基于机器学习的重症监护室超长入住时长预测
引用本文:吴静依,林瑜,蔺轲,胡永华,孔桂兰.基于机器学习的重症监护室超长入住时长预测[J].北京大学学报(医学版),2021,53(6):1163-1170.
作者姓名:吴静依  林瑜  蔺轲  胡永华  孔桂兰
作者单位:1.北京大学公共卫生学院流行病与卫生统计学系,北京 100191
2.浙江省北大信息技术高等研究院,杭州 311200
3.北京大学医学信息学中心,北京 100191
4.北京大学健康医疗大数据国家研究院,北京 100191
基金项目:国家自然科学基金(81771938);国家自然科学基金(91846101);北京市自然科学基金(7212201);科技创新2030项目(2018AAA0102100);北京大学医学部-密歇根大学医学院转化医学与临床研究联合研究所项目(BMU2020JI011)
摘    要:目的:基于三种机器学习算法——支持向量机(support vector machine,SVM)、分类回归树(classification and regression tree,CART)和随机森林(random forest,RF),构建重症监护室(intensive care unit,ICU)患者的ICU入住时长(length of ICU stay,LOS-ICU)分类预测模型,并与传统的定制版简化急性生理功能评分Ⅱ(simplified acute physiology score Ⅱ,SAPS-Ⅱ)模型进行比较。
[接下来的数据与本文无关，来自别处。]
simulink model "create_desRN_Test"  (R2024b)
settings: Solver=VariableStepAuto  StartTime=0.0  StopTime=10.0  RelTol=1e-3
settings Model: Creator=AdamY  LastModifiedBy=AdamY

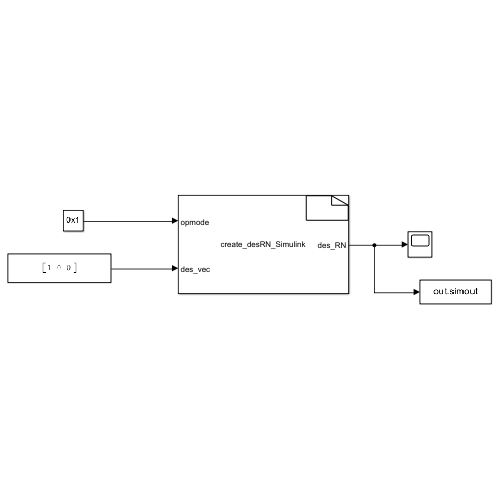
[thumbnail: Simulink's stored preview of the top-level diagram]
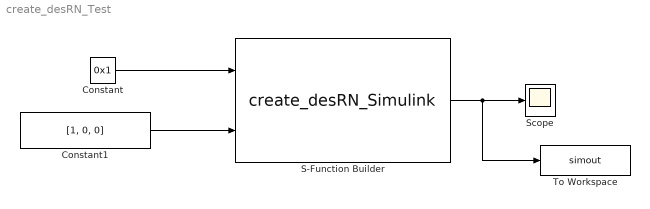
== system create_desRN_Test ==
  Constant : Constant  Value=0x1  OutDataTypeStr=uint8
  Constant1 : Constant  Value=[1, 0, 0]  OutDataTypeStr=single
  S-Function Builder : S-Function  FunctionName=create_desRN_Simulink  SFunctionModules=create_desRN_Simulink_wrapper.c att_det mtx conversions ref_rotation simulinkCustom  SFunctionDeploymentMode=off  EnableBusSupport=off  mask(S-Function Builder){}
      mask help: Simulink:masks:SFunctionBuilder_MD
      mask init:
      | val = [[.9  0.75 0.75 1 1 .9 .9 1]',[1 1 0.75 0.75 .9 .9 1 .9]'];try , sys = get_param(gcb,'SfunBuilderFcnName');if isempty(sys), sys = get_param(gcb,'FunctionName'); end,catch, sys = get_param(gcb,'FunctionName'); end
      settings: CopyFcn=set_param(gcbh,'LinkStatus','none')  OpenFcn=sfunctionwizard(gcbh)
      mask Display:
      | plot(val(:,1),val(:,2))
      | disp(sys)
      | port_label('input',1,sprintf('%s', 'opmode'),'interpreter','tex')
      | port_label('input',2,sprintf('%s', 'des\_vec'),'interpreter','tex')
      | port_label('output',1,sprintf('%s', 'des\_RN'),'interpreter','tex')
  Scope : Scope
  To Workspace : ToWorkspace  VariableName=simout  SaveFormat=Timeseries  SampleTime=-1
  wires:
  Constant/1 -> S-Function Builder/1
  S-Function Builder/1 -> To Workspace/1, Scope/1
  Constant1/1 -> S-Function Builder/2
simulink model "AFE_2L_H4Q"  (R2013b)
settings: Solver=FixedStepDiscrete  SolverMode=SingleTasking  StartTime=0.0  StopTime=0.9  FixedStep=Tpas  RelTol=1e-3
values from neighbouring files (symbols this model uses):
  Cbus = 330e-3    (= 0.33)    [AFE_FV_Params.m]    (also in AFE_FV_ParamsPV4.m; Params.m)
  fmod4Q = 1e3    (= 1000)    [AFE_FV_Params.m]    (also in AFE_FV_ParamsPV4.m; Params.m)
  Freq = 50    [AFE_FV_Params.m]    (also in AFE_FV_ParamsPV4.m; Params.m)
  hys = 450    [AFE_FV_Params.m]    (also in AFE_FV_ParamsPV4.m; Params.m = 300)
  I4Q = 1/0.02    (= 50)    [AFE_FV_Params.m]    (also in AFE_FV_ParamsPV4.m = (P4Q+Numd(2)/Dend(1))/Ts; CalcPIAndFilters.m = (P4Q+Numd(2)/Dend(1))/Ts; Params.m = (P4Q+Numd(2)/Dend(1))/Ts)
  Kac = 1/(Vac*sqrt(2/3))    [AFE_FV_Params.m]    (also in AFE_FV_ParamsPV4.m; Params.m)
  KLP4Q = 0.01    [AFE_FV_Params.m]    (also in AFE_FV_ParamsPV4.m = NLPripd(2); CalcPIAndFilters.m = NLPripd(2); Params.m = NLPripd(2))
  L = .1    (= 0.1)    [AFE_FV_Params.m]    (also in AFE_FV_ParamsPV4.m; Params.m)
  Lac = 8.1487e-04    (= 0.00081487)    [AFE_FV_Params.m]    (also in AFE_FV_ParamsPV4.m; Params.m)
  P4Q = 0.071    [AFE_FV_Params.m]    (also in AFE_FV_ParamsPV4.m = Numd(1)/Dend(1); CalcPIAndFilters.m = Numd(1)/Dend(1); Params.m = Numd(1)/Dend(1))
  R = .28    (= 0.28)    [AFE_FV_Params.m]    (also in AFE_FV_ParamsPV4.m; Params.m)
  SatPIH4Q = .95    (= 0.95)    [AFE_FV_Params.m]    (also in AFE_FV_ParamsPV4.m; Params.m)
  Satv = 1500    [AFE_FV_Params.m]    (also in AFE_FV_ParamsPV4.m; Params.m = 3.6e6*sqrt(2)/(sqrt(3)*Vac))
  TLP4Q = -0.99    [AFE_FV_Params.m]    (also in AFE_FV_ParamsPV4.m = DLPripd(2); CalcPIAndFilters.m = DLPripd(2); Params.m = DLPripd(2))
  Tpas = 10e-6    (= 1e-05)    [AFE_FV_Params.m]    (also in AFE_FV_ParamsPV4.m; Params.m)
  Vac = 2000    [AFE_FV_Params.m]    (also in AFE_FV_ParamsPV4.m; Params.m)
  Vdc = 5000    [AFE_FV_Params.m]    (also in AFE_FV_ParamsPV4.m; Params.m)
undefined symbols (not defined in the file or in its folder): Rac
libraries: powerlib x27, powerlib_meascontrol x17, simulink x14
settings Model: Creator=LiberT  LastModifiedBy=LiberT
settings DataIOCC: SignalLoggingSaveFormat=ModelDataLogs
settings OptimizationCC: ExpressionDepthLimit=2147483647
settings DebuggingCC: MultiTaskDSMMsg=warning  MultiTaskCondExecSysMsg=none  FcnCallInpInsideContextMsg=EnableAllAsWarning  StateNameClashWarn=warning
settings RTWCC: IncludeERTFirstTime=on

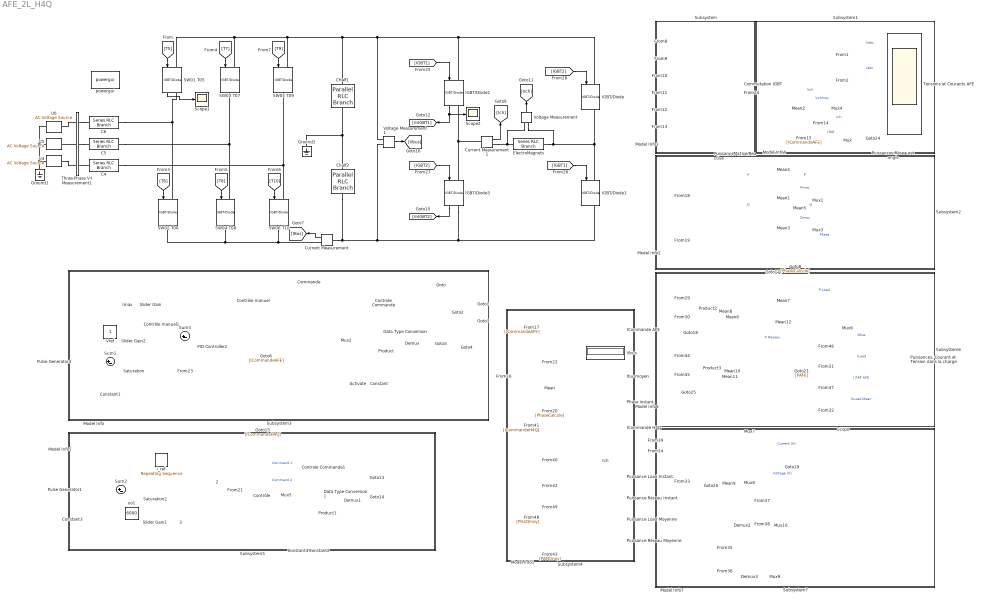
== system AFE_2L_H4Q ==
  " 2" : ManualSwitch
  " 3" : ManualSwitch  CurrentSetting=0
  Activate : Constant  Value=0
  C4 : powerlib/Elements/Series RLC Branch  LConnTagsString=__new0  RConnTagsString=__new0  BranchType=L  Resistance=Rac  Inductance=Lac  SetiL0=off  InitialCurrent=0  Capacitance=300e-3  Setx0=off  InitialVoltage=0  Measurements=None
  C5 : powerlib/Elements/Series RLC Branch  LConnTagsString=__new0  RConnTagsString=__new0  BranchType=L  Resistance=Rac  Inductance=Lac  SetiL0=off  InitialCurrent=0  Capacitance=300e-3  Setx0=off  InitialVoltage=0  Measurements=None
  C6 : powerlib/Elements/Series RLC Branch  LConnTagsString=__new0  RConnTagsString=__new0  BranchType=L  Resistance=Rac  Inductance=Lac  SetiL0=off  InitialCurrent=0  Capacitance=300e-3  Setx0=off  InitialVoltage=0  Measurements=None
  CHalf1 : powerlib/Elements/Parallel RLC Branch  LConnTagsString=a  RConnTagsString=__new0  BranchType=C  Resistance=inf  Inductance=inf  SetiL0=off  InitialCurrent=0  Capacitance=Cbus*2  Setx0=on  InitialVoltage=Vdc/2  Measurements=Branch voltage
  Chalf2 : powerlib/Elements/Parallel RLC Branch  LConnTagsString=a  RConnTagsString=__new0  BranchType=C  Resistance=inf  Inductance=inf  SetiL0=off  InitialCurrent=0  Capacitance=Cbus*2  Setx0=on  InitialVoltage=Vdc/2  Measurements=Branch voltage
  Commande : Subsystem
  Commutation IGBT : Scope  NumInputPorts=6
      settings: TickLabels=on  TimeRange=0.04  YMin=-0.2~-0.2~-0.2~-0.2~-0.2~-0.2  YMax=1.2~1.2~1.2~1.2~1.2~1.2
  Constant : Constant  Value=[1 1 1 1 1 1]
  Constant1 : Constant  Value=6000
  Constant2 : Constant  Value=[1 1]
  Constant3 : Constant  Value=6000
  Constant4 : Constant  Value=0
  Controle Commande : ManualSwitch
  Controle Commande1 : ManualSwitch
  Contrôle : Subsystem  TreatAsAtomicUnit=on
      settings: MinAlgLoopOccurrences=on
  Contrôle manuel : ManualSwitch  CurrentSetting=0
  Contrôle manuel1 : ManualSwitch
  Current Measurement : powerlib/Measurements/Current Measurement  PhasorSimulation=off  OutputType=Complex  PSBequivalent=0
  Current Measurement1 : powerlib/Measurements/Current Measurement  PhasorSimulation=off  OutputType=Complex  PSBequivalent=0
  Data Type Conversion : DataTypeConversion  OutDataTypeStr=boolean
  Data Type Conversion1 : DataTypeConversion  OutDataTypeStr=boolean
  Demux : Demux  Outputs=6
  Demux1 : Demux  Outputs=2
  Demux2 : Demux  Outputs=2
  Demux3 : Demux  Outputs=2
  "ElectroMagnets " : powerlib/Elements/Series RLC Branch  LConnTagsString=__new0  RConnTagsString=__new0  BranchType=RL  Resistance=R  Inductance=L  SetiL0=off  InitialCurrent=0  Capacitance=1e-6  Setx0=off  InitialVoltage=0  Measurements=Branch voltage and current
  Ground1 : powerlib/Elements/Ground  LConnTagsString=a
  Ground2 : powerlib/Elements/Ground  LConnTagsString=a
  "ICommande AFE " : Display
  ICommande H4Q : Display
  IGBT/Diode{,1..3} (4 alike) : powerlib/Power Electronics/IGBT//Diode  Ron=1e-3  Rs=1e5  Cs=inf  Measurements=on
  Ibusmoyen : Display
  Ich : Display
  Imax : Constant  Value=5000
  Mean{,1..3} (4 alike) : powerlib_meascontrol/Measurements/Mean  Freq=50  Vinit=0  Ts=Tpas
  Mean10 : powerlib_meascontrol/Measurements/Mean  Freq=fmod4Q/2  Vinit=0  Ts=Tpas
  Mean11 : powerlib_meascontrol/Measurements/Mean  Freq=1/.9  Vinit=0  Ts=Tpas
  Mean12 : powerlib_meascontrol/Measurements/Mean  Freq=fmod4Q  Vinit=0  Ts=Tpas
  Mean4 : powerlib_meascontrol/Measurements/Mean  Freq=fmod4Q*3  Vinit=0  Ts=Tpas
  Mean5 : powerlib_meascontrol/Measurements/Mean  Freq=fmod4Q*3  Vinit=0  Ts=Tpas
  Mean6 : powerlib_meascontrol/Measurements/Mean  Freq=1/.9  Vinit=0  Ts=Tpas
  Mean7 : powerlib_meascontrol/Measurements/Mean  Freq=fmod4Q  Vinit=0  Ts=Tpas
  Mean8 : powerlib_meascontrol/Measurements/Mean  Freq=fmod4Q/2  Vinit=0  Ts=Tpas
  Mean9 : powerlib_meascontrol/Measurements/Mean  Freq=fmod4Q  Vinit=0  Ts=Tpas
  Model Info : simulink/Model-Wide Utilities/Model Info  InitialBlockCM=None  BlockCM=None  Frame=on  DisplayStringWithTags=Commande AFE  HorizontalTextAlignment=Center  LeftAlignmentValue=0.5  SourceBlockDiagram=AFE_2L_H4Q  TagMaxNumber=20
  Model Info{1..4,6..7} (6 alike) : simulink/Model-Wide Utilities/Model Info  InitialBlockCM=None  BlockCM=None  Frame=on  DisplayStringWithTags=Résultats  HorizontalTextAlignment=Center  LeftAlignmentValue=0.5  SourceBlockDiagram=AFE_2L_H4Q  TagMaxNumber=20
  Model Info5 : simulink/Model-Wide Utilities/Model Info  InitialBlockCM=None  BlockCM=None  Frame=on  DisplayStringWithTags=Commande H4Q  HorizontalTextAlignment=Center  LeftAlignmentValue=0.5  SourceBlockDiagram=AFE_2L_H4Q  TagMaxNumber=20
  Mux{,1,3..10} (10 alike) : Mux  Inputs=2
  Mux2 : Mux  Inputs=6
  PID Controller2 : simulink/Continuous/PID Controller  Controller=PI  TimeDomain=Discrete-time  SampleTime=Tpas  IntegratorMethod=Forward Euler  FilterMethod=Forward Euler  Form=Parallel  P=150  I=1.2e4  D=0  N=100  InitialConditionSource=internal  InitialConditionForIntegrator=0  InitialConditionForFilter=0  ExternalReset=none  LimitOutput=on  UpperSaturationLimit=Satv  LowerSaturationLimit=-Satv  LinearizeAsGain=on  AntiWindupMode=clamping  Kb=1  TrackingMode=off  Kt=1  PParamMin=[]  PParamMax=[]  IParamMin=[]  IParamMax=[]  DParamMin=[]  DParamMax=[]  NParamMin=[]  NParamMax=[]  KbParamMin=[]  KbParamMax=[]  KtParamMin=[]  KtParamMax=[]  POutMin=[]  POutMax=[]  IOutMin=[]  IOutMax=[]  DOutMin=[]  DOutMax=[]  NOutMin=[]  NOutMax=[]  KbOutMin=[]  KbOutMax=[]  KtOutMin=[]  KtOutMax=[]  IntegratorOutMin=[]  IntegratorOutMax=[]  FilterOutMin=[]  FilterOutMax=[]  SumOutMin=[]  SumOutMax=[]  SumI1OutMin=[]  SumI1OutMax=[]  SumI2OutMin=[]  SumI2OutMax=[]  SumI3OutMin=[]  SumI3OutMax=[]  SumDOutMin=[]  SumDOutMax=[]  SaturationOutMin=[]  SaturationOutMax=[]  IntegratorContinuousStateAttributes=''  IntegratorStateMustResolveToSignalObject=off  IntegratorRTWStateStorageClass=Auto  FilterContinuousStateAttributes=''  FilterStateMustResolveToSignalObject=off  FilterRTWStateStorageClass=Auto
  Phase instant. : Display
  Product{,1..3} (4 alike) : Product
  Puissance Active/Reactive : Subsystem
  Puissance Load Instant. : Display
  Puissance Load Moyenne : Display
  Puissance Réseau Instant : Display
  Puissance Réseau Moyenne : Display
  Puissances Réseau et angle : Scope  NumInputPorts=3
      settings: TickLabels=on  TimeRange=0.04  YMin=-1000000~-400000~-200  YMax=10000000~350000~200  SaveName=ScopeData2
  "Puissances, Courant et Tension dans la charge" : Scope  NumInputPorts=5
      settings: TickLabels=on  ShowLegends=on  TimeRange=0.9  YMin=-20000000~3000~-1000~-3000~-5000  YMax=20000000~5250~7000~3000~5000  SaveName=ScopeData3
  Pulse Generator1 : DiscretePulseGenerator  Amplitude=12000  Period=floor(.4 /Tpas)  PulseWidth=floor(.4 * .5 / Tpas)  PhaseDelay=floor(.001 / Tpas)  SampleTime=Tpas
  Pulse Generator3 : DiscretePulseGenerator  Amplitude=12000  Period=floor(.2/Tpas)  PulseWidth=floor(.2/2/Tpas)  SampleTime=Tpas
  SW01 T05 : powerlib/Power Electronics/IGBT//Diode  Ron=1e-3  Rs=1e5  Cs=Tpas  Measurements=on
  SW02 T06 : powerlib/Power Electronics/IGBT//Diode  Ron=1e-3  Rs=1e5  Cs=Tpas  Measurements=off
  SW03 T07 : powerlib/Power Electronics/IGBT//Diode  Ron=1e-3  Rs=1e5  Cs=Tpas  Measurements=off
  SW04 T08 : powerlib/Power Electronics/IGBT//Diode  Ron=1e-3  Rs=1e5  Cs=Tpas  Measurements=off
  SW05 T09 : powerlib/Power Electronics/IGBT//Diode  Ron=1e-3  Rs=1e5  Cs=Tpas  Measurements=off
  SW06 T10 : powerlib/Power Electronics/IGBT//Diode  Ron=1e-3  Rs=1e5  Cs=Tpas  Measurements=off
  Saturation : Saturate  UpperLimit=5100  LowerLimit=5000
  Saturation2 : Saturate  UpperLimit=5000  LowerLimit=2000
  Scope : Scope  NumInputPorts=6
      settings: TimeRange=0.9  YMin=-7000~-12500~-0.1~-0.1~-7000~-6000  YMax=7000~7500~1.1~1.1~7000~6000  SaveName=hash  MaxDataPoints=10000
  Scope1 : Scope
      settings: SaveName=IGBTA
  Scope2 : Scope
      settings: SaveName=IGBTH
  Slider Gain : simulink/Math Operations/Slider Gain  low=0  gain=0.22  high=1
  Slider Gain1 : simulink/Math Operations/Slider Gain  low=0  gain=0.54  high=1
  Slider Gain2 : simulink/Math Operations/Slider Gain  low=0  gain=5000  high=6000
  Subsystem : Subsystem
      mask Display: disp('')
  Subsystem1 : Subsystem
      mask Display: disp('')
  Subsystem2 : Subsystem
      mask Display: disp('')
  Subsystem3 : Subsystem
      mask Display: disp('')
  Subsystem4 : Subsystem
      mask Display: disp('')
  Subsystem5 : Subsystem
      mask Display: disp('')
  Subsystem6 : Subsystem
      mask Display: disp('')
  Subsystem7 : Subsystem
      mask Display: disp('')
  Sum1 : Sum  Inputs=|+-
  Sum2 : Sum  Inputs=|+-
  Sum3 : Sum  Inputs=|+-
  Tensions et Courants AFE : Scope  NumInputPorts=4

方法:使用美国大型重症医疗数据库(medical information mart for intensive care Ⅲ,MIMIC-Ⅲ),以ICU患者是否发生超长LOS-ICU(prolonged LOS-ICU,pLOS-ICU)作为结局指标,构建定制版SAPS-Ⅱ、SVM、CART和RF模型,使用递归特征消除法进行特征选择,基于五折交叉验证找出最佳预测模型。模型的预测性能评价指标包括Brier评分、受试者工作特征(receiver operation characteristic,ROC)曲线下面积(area under the ROC curve,AUROC)和估计校准度指数(estimated calibration index,ECI),模型性能指标之间的比较使用双侧t检验。使用本研究中预测性能最好的模型识别出来的各预测变量重要性排序结果,给出重要性排序前五位的预测变量。结果:最终共纳入40 200例ICU患者,发生pLOS-ICU的患者23.7%。其中,男性患者57.6%,患者平均年龄为(61.9±16.5)岁。五折交叉验证结果显示,相比于定制版SAPS-Ⅱ模型,三种机器学习模型的预测性能在各个指标上均有明显提升,且差异均具有统计学意义(P<0.01)。其中,RF模型在综合预测性能、区分度与校准度三个方面均表现最优,其Brier评分、AUROC和ECI分别为0.145、0.770和7.259。校准曲线结果显示,在高pLOS-ICU发生风险的ICU人群中,RF模型倾向于略微高估其风险;在低pLOS-ICU发生风险的ICU人群中,RF模型倾向于略微低估其风险。基于性能最优的RF模型识别的对pLOS-ICU预测最重要的五个变量依次为年龄、心率、收缩压、体温和动脉血氧分压与吸入氧分数之比。结论:基于机器学习方法构建ICU患者的pLOS-ICU预测模型相比于传统的定制版SAPS-Ⅱ模型,预测性能均有明显提升,其中,基于RF方法的pLOS-ICU预测模型性能最优,具有很大的临床应用潜力。

关 键 词:重症监护室  住院时长  机器学习  随机森林  简化急性生理功能评分  
收稿时间:2019-11-26

Predicting prolonged length of intensive care unit stay via machine learning
WU Jing-yi,LIN Yu,LIN Ke,HU Yong-hua,KONG Gui-lan.Predicting prolonged length of intensive care unit stay via machine learning[J].Journal of Peking University:Health Sciences,2021,53(6):1163-1170.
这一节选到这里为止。